▶ **Exercise requirements**: Set down word for word the lines that begin the entries and run through the line containing "layer by layer". Give nothing further.

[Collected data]

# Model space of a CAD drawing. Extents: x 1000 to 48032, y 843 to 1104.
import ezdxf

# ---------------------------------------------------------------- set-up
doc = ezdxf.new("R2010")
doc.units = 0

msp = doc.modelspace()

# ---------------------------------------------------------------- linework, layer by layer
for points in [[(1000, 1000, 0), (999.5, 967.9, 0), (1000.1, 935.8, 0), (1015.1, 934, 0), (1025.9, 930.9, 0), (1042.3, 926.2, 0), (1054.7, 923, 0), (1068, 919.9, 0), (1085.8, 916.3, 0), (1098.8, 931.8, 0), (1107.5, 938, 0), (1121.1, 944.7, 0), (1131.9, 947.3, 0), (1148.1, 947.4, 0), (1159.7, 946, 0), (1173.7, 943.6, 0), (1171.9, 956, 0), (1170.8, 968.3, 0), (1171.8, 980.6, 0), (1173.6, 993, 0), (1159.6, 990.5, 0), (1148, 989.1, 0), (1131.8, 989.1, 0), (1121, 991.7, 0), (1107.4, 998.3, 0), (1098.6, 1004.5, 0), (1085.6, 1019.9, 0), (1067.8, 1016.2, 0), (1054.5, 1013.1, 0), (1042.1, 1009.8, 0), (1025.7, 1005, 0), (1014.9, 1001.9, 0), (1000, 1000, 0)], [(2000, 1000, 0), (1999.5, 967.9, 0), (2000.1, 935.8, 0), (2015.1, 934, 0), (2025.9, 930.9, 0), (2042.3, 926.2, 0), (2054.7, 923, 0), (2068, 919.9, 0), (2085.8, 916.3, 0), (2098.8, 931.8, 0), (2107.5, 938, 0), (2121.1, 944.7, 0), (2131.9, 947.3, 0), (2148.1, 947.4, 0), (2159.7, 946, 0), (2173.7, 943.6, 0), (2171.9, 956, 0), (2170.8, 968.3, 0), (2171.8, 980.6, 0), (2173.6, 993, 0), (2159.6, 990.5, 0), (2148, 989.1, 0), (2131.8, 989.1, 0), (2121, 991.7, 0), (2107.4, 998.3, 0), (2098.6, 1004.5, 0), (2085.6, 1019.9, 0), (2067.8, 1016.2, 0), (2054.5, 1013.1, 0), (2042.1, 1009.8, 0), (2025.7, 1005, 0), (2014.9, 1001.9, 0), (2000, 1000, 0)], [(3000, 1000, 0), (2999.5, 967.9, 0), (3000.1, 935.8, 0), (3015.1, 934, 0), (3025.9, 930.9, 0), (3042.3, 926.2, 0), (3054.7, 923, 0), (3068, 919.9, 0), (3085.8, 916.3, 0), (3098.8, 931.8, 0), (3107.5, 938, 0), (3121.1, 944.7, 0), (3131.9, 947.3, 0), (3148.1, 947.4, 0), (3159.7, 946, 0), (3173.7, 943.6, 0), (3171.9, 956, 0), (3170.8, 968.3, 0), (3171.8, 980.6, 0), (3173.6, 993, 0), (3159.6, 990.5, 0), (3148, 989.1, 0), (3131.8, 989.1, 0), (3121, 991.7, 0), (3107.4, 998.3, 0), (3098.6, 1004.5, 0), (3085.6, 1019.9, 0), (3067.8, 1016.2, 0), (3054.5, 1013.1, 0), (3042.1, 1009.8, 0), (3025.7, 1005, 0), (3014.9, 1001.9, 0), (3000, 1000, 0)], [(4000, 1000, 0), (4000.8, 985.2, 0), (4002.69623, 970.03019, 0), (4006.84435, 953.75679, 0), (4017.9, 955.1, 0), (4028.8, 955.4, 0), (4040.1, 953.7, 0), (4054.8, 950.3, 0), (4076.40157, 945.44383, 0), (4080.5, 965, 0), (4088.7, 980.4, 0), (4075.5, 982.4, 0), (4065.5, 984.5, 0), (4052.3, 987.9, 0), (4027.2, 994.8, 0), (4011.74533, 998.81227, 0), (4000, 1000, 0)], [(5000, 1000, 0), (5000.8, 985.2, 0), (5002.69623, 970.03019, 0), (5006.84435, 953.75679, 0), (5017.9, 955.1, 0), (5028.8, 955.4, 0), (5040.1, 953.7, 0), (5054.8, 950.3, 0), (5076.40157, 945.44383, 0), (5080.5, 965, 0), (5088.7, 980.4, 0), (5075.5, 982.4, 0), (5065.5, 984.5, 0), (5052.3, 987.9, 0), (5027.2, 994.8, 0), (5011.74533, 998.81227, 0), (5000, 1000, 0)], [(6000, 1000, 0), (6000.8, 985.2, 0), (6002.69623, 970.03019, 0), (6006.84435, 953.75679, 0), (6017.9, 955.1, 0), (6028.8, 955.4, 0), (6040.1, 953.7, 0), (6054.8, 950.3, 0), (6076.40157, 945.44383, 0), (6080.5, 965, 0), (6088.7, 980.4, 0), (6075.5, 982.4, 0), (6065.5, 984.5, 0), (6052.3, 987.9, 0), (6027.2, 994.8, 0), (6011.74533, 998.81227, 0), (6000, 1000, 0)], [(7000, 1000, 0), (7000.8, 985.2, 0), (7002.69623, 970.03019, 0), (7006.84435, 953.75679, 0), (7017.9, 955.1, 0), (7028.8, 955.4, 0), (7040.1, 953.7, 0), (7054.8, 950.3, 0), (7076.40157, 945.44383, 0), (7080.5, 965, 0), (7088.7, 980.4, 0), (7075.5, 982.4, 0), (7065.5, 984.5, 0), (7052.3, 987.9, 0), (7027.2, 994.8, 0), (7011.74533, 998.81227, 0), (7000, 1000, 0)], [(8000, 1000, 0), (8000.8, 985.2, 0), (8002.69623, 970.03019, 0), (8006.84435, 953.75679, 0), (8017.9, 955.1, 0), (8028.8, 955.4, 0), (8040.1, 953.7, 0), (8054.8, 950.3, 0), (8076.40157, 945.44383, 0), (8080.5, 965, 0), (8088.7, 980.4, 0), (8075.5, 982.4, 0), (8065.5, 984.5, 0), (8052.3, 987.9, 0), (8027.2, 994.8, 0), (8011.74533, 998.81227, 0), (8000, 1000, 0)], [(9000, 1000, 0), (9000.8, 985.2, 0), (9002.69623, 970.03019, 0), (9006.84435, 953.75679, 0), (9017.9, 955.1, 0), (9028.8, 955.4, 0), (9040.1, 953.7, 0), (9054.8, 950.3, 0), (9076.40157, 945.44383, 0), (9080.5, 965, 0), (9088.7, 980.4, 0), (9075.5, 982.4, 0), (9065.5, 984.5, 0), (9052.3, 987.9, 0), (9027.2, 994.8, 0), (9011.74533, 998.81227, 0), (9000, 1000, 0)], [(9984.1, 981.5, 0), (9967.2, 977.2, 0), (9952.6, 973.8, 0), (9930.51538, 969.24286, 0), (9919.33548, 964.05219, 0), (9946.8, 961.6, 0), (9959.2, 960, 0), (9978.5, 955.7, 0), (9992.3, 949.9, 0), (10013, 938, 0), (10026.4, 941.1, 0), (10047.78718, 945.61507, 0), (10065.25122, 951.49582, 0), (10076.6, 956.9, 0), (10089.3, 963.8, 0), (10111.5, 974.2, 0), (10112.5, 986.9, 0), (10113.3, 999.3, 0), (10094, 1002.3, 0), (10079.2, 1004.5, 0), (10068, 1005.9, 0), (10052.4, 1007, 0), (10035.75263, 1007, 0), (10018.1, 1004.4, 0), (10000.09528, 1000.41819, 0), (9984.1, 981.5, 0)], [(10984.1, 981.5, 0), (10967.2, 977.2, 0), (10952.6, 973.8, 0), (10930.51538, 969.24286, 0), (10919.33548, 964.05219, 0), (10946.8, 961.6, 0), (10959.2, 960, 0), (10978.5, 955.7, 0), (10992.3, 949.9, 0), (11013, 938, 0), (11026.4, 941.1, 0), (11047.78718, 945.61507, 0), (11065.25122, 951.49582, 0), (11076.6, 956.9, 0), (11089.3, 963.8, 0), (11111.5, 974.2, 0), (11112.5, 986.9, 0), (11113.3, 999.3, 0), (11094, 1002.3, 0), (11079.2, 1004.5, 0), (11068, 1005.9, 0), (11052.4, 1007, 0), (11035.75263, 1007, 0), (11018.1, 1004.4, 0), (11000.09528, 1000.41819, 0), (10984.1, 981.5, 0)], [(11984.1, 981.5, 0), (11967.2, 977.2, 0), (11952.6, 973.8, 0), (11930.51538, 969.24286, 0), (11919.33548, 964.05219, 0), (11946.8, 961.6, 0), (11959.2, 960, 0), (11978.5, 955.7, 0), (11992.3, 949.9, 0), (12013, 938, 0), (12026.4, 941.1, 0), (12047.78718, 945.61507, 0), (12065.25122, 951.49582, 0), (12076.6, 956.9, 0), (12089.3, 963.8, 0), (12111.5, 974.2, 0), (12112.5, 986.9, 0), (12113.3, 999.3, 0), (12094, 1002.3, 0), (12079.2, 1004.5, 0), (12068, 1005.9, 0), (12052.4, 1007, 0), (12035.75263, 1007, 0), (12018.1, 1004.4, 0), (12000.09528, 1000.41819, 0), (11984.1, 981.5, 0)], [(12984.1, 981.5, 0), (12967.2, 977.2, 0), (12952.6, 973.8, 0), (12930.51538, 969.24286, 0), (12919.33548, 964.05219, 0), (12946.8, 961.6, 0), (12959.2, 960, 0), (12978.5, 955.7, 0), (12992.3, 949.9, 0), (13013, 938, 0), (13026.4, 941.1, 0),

▶ **Task answer**:
# Model space of a CAD drawing. Extents: x 1000 to 48032, y 843 to 1104.
import ezdxf

# ---------------------------------------------------------------- set-up
doc = ezdxf.new("R2010")
doc.units = 0

msp = doc.modelspace()

# ---------------------------------------------------------------- linework, layer by layer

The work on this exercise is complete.